*TRY IT:*
In the material below, the lines from the one containing "#212=PLANE('',#211);" through the one containing "#238=DIRECTION('',(0.,1.,0.));" are to be given again exactly, ends included, and no others.

════

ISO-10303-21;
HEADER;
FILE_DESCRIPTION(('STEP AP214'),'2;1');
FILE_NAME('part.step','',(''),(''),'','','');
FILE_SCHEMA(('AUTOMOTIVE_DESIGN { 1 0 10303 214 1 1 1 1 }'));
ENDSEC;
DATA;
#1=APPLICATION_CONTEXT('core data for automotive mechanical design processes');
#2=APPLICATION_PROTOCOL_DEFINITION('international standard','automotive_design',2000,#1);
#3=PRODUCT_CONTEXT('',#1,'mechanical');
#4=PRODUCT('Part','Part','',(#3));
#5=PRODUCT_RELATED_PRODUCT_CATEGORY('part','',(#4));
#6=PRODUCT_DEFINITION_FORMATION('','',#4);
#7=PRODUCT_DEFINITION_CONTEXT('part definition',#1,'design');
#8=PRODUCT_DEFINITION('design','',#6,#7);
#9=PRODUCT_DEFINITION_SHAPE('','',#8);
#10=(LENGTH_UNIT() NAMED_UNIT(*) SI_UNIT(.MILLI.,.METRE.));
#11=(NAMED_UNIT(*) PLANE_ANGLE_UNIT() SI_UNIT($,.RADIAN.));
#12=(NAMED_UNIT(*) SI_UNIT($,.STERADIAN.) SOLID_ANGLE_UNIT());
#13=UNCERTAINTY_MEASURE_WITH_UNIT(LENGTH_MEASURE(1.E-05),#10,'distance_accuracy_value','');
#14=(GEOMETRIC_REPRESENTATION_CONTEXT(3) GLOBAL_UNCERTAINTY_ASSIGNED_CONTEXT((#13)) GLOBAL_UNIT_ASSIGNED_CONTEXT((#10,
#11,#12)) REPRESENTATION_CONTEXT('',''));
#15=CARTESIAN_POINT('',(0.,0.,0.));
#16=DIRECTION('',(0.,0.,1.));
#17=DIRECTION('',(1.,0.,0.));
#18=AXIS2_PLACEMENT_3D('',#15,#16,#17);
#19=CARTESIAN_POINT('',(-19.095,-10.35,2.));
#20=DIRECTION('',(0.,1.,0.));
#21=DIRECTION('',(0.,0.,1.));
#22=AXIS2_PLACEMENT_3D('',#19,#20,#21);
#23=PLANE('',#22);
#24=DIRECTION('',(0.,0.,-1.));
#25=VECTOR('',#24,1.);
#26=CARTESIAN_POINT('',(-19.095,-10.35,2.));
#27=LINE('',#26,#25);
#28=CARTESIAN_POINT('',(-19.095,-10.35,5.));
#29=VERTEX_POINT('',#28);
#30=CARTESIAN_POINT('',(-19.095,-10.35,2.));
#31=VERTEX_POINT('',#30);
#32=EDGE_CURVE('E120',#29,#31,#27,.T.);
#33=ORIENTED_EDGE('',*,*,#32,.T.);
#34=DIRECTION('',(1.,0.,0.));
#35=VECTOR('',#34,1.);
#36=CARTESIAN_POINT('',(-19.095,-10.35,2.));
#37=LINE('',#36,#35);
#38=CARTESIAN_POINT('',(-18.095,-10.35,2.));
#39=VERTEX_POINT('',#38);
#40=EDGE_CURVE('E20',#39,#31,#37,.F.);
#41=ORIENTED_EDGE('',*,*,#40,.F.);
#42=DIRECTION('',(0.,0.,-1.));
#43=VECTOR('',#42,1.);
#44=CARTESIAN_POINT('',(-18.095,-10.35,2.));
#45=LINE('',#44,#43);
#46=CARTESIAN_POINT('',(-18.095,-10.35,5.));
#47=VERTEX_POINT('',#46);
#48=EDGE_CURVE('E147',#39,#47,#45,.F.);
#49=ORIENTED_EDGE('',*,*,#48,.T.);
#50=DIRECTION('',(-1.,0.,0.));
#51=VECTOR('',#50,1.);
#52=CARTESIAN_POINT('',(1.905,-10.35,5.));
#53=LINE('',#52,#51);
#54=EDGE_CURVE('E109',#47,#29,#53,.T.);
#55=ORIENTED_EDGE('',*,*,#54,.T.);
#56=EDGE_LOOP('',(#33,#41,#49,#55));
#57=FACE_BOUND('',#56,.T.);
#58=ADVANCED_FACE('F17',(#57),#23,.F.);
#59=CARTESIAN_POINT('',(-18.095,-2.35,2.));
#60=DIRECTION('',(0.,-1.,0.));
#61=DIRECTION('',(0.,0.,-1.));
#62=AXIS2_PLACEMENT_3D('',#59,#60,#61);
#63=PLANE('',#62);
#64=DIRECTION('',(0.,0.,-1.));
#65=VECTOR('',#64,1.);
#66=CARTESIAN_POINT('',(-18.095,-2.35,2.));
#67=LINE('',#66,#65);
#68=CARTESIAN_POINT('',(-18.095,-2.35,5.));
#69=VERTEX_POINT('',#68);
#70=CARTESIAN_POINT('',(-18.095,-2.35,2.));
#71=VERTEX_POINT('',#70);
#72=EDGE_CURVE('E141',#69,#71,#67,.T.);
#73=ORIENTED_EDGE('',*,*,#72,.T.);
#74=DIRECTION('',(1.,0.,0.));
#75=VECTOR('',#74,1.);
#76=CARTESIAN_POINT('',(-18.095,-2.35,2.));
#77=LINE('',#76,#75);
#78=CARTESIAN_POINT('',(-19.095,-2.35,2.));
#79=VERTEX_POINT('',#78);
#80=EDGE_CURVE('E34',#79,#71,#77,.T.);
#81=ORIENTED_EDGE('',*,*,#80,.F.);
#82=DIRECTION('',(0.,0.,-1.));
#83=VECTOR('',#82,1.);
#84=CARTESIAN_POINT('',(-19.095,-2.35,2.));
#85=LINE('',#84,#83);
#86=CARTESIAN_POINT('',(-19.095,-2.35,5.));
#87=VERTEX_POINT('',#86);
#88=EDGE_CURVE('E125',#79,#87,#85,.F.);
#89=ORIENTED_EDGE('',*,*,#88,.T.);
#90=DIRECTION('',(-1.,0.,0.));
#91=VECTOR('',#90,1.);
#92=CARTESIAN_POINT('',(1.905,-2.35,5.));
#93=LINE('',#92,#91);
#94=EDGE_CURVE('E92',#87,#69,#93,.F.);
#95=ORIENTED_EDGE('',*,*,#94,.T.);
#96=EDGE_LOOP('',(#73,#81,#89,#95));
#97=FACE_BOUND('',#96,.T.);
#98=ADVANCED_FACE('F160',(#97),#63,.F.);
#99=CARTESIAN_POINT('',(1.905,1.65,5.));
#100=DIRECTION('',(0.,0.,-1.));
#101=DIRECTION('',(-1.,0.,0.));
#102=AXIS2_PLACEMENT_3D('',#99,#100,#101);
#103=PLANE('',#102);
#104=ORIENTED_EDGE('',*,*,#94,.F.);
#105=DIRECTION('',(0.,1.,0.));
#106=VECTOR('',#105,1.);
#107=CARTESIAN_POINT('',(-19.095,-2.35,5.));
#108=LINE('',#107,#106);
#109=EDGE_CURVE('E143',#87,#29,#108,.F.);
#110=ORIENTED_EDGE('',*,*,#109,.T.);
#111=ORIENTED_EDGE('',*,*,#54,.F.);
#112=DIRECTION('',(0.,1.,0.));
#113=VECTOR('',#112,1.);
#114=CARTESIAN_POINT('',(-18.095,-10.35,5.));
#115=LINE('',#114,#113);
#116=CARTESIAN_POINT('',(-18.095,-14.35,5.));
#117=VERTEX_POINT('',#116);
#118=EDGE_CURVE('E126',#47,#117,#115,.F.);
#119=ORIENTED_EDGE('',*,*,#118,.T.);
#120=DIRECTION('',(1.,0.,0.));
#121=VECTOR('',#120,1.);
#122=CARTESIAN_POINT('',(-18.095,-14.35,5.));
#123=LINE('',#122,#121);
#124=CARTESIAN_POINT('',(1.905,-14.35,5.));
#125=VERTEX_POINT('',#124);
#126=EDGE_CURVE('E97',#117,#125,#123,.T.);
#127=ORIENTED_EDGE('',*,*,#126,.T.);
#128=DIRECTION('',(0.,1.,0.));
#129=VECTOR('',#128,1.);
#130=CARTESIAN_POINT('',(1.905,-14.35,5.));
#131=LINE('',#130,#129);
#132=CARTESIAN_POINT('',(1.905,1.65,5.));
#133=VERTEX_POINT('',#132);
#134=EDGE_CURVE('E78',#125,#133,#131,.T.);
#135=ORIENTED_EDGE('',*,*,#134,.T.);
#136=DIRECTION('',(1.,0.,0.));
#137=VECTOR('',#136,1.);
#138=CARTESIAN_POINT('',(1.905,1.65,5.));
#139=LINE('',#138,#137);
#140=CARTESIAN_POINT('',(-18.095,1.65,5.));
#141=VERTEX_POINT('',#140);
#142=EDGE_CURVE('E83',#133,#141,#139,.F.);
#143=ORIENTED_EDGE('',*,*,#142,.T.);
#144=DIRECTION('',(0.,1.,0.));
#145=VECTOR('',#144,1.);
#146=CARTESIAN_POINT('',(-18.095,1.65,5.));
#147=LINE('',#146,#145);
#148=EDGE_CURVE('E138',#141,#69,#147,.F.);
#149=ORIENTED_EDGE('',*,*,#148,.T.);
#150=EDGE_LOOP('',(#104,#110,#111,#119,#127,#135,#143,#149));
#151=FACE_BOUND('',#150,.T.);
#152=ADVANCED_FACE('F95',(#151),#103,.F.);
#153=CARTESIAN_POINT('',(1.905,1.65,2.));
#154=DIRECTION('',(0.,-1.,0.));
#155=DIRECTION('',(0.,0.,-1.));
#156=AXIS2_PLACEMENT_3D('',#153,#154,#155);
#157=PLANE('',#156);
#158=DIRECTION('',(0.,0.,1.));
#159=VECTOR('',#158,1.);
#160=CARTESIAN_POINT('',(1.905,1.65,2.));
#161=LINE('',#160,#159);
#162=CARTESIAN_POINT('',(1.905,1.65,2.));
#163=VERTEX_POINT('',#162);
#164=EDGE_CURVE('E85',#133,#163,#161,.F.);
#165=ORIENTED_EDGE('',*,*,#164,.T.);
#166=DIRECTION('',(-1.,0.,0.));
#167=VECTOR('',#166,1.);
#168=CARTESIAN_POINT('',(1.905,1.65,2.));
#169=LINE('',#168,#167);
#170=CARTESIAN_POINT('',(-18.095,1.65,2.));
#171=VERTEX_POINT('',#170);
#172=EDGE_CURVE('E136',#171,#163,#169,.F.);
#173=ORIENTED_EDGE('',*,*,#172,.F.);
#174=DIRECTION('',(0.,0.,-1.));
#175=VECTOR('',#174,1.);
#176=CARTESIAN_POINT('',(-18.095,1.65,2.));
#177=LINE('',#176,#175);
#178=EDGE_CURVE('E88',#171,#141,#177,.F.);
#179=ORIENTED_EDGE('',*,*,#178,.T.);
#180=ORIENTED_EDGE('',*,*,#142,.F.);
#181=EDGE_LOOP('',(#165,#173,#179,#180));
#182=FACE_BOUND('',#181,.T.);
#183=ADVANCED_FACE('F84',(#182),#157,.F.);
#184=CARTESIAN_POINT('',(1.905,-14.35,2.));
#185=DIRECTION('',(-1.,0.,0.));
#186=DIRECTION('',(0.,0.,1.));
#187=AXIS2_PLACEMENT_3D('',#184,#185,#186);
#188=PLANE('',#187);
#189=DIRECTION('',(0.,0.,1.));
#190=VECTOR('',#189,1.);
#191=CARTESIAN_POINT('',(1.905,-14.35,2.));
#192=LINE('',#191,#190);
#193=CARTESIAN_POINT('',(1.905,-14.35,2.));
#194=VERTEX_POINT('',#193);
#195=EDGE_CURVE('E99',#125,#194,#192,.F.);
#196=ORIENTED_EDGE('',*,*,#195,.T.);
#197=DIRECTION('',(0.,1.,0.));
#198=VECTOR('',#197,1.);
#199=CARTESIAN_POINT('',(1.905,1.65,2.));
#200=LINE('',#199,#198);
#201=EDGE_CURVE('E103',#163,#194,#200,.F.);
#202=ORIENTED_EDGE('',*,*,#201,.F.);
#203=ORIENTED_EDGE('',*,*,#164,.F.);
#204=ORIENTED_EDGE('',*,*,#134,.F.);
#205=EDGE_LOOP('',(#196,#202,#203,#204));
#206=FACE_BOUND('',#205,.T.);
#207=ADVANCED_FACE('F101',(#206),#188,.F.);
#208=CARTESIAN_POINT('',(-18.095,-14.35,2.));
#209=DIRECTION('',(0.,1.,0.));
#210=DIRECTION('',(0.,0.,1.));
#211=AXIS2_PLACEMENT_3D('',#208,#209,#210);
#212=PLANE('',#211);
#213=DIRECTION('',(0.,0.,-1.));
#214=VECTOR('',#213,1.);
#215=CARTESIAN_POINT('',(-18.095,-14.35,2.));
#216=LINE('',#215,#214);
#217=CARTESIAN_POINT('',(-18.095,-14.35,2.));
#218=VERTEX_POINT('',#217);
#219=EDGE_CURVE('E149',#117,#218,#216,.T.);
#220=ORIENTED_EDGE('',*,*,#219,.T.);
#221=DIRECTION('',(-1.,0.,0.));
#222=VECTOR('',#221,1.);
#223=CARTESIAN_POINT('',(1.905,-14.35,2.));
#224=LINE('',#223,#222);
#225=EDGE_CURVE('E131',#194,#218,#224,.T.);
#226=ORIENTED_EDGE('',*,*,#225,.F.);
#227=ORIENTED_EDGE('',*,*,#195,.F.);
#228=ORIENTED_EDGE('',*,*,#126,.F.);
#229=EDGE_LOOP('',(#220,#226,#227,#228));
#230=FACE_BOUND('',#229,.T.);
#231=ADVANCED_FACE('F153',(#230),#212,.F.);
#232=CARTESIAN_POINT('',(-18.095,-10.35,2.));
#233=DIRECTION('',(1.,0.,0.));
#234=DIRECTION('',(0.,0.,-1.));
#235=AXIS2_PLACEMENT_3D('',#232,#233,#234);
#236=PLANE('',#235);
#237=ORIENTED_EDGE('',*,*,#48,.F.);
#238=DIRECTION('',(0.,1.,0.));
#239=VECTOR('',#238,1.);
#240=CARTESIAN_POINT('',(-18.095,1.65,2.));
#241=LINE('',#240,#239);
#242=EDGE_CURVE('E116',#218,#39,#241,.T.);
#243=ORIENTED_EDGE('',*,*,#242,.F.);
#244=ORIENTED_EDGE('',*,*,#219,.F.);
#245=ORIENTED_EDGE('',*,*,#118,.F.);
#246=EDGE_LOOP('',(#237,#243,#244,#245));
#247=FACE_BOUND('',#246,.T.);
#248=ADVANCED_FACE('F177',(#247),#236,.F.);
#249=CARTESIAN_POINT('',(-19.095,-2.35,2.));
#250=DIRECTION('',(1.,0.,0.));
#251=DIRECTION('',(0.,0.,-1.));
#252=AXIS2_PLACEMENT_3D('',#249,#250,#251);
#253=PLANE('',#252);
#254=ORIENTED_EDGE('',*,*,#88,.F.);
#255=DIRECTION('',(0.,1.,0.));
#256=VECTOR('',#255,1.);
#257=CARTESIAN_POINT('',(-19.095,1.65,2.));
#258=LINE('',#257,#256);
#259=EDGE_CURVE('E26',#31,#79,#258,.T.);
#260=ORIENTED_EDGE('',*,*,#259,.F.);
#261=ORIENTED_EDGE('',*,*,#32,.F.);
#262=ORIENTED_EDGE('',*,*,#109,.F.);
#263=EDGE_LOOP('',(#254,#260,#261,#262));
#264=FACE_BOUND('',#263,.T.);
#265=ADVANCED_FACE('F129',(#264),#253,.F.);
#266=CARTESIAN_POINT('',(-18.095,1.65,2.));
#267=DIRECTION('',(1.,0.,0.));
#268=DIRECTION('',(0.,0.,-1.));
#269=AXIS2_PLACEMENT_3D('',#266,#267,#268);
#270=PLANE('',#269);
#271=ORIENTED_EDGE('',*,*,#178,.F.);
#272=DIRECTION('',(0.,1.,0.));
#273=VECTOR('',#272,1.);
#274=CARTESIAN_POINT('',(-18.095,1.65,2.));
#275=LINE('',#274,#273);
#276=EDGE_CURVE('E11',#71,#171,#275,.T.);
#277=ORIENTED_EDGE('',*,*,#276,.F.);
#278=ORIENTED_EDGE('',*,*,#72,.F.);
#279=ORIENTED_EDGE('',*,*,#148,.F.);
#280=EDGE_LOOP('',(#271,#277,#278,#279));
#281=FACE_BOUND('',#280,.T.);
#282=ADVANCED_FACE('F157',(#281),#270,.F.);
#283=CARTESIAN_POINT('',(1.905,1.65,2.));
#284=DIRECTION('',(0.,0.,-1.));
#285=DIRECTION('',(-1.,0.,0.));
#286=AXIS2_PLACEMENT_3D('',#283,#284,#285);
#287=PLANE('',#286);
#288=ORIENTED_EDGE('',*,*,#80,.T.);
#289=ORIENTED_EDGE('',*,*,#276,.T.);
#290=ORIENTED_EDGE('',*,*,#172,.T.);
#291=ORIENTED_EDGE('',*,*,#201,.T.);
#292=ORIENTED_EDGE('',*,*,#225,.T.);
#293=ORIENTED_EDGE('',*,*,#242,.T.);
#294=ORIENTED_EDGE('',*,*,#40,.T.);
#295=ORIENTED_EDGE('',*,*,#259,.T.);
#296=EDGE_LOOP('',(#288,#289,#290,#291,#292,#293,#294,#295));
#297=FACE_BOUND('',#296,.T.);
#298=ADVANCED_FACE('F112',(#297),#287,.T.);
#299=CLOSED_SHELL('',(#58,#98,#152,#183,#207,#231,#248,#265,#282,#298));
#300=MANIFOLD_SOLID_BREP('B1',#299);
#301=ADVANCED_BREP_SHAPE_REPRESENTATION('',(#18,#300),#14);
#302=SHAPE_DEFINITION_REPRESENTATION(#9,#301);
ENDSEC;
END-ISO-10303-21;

════

*RESPONSE TO THIS EXERCISE:*
#212=PLANE('',#211);
#213=DIRECTION('',(0.,0.,-1.));
#214=VECTOR('',#213,1.);
#215=CARTESIAN_POINT('',(-18.095,-14.35,2.));
#216=LINE('',#215,#214);
#217=CARTESIAN_POINT('',(-18.095,-14.35,2.));
#218=VERTEX_POINT('',#217);
#219=EDGE_CURVE('E149',#117,#218,#216,.T.);
#220=ORIENTED_EDGE('',*,*,#219,.T.);
#221=DIRECTION('',(-1.,0.,0.));
#222=VECTOR('',#221,1.);
#223=CARTESIAN_POINT('',(1.905,-14.35,2.));
#224=LINE('',#223,#222);
#225=EDGE_CURVE('E131',#194,#218,#224,.T.);
#226=ORIENTED_EDGE('',*,*,#225,.F.);
#227=ORIENTED_EDGE('',*,*,#195,.F.);
#228=ORIENTED_EDGE('',*,*,#126,.F.);
#229=EDGE_LOOP('',(#220,#226,#227,#228));
#230=FACE_BOUND('',#229,.T.);
#231=ADVANCED_FACE('F153',(#230),#212,.F.);
#232=CARTESIAN_POINT('',(-18.095,-10.35,2.));
#233=DIRECTION('',(1.,0.,0.));
#234=DIRECTION('',(0.,0.,-1.));
#235=AXIS2_PLACEMENT_3D('',#232,#233,#234);
#236=PLANE('',#235);
#237=ORIENTED_EDGE('',*,*,#48,.F.);
#238=DIRECTION('',(0.,1.,0.));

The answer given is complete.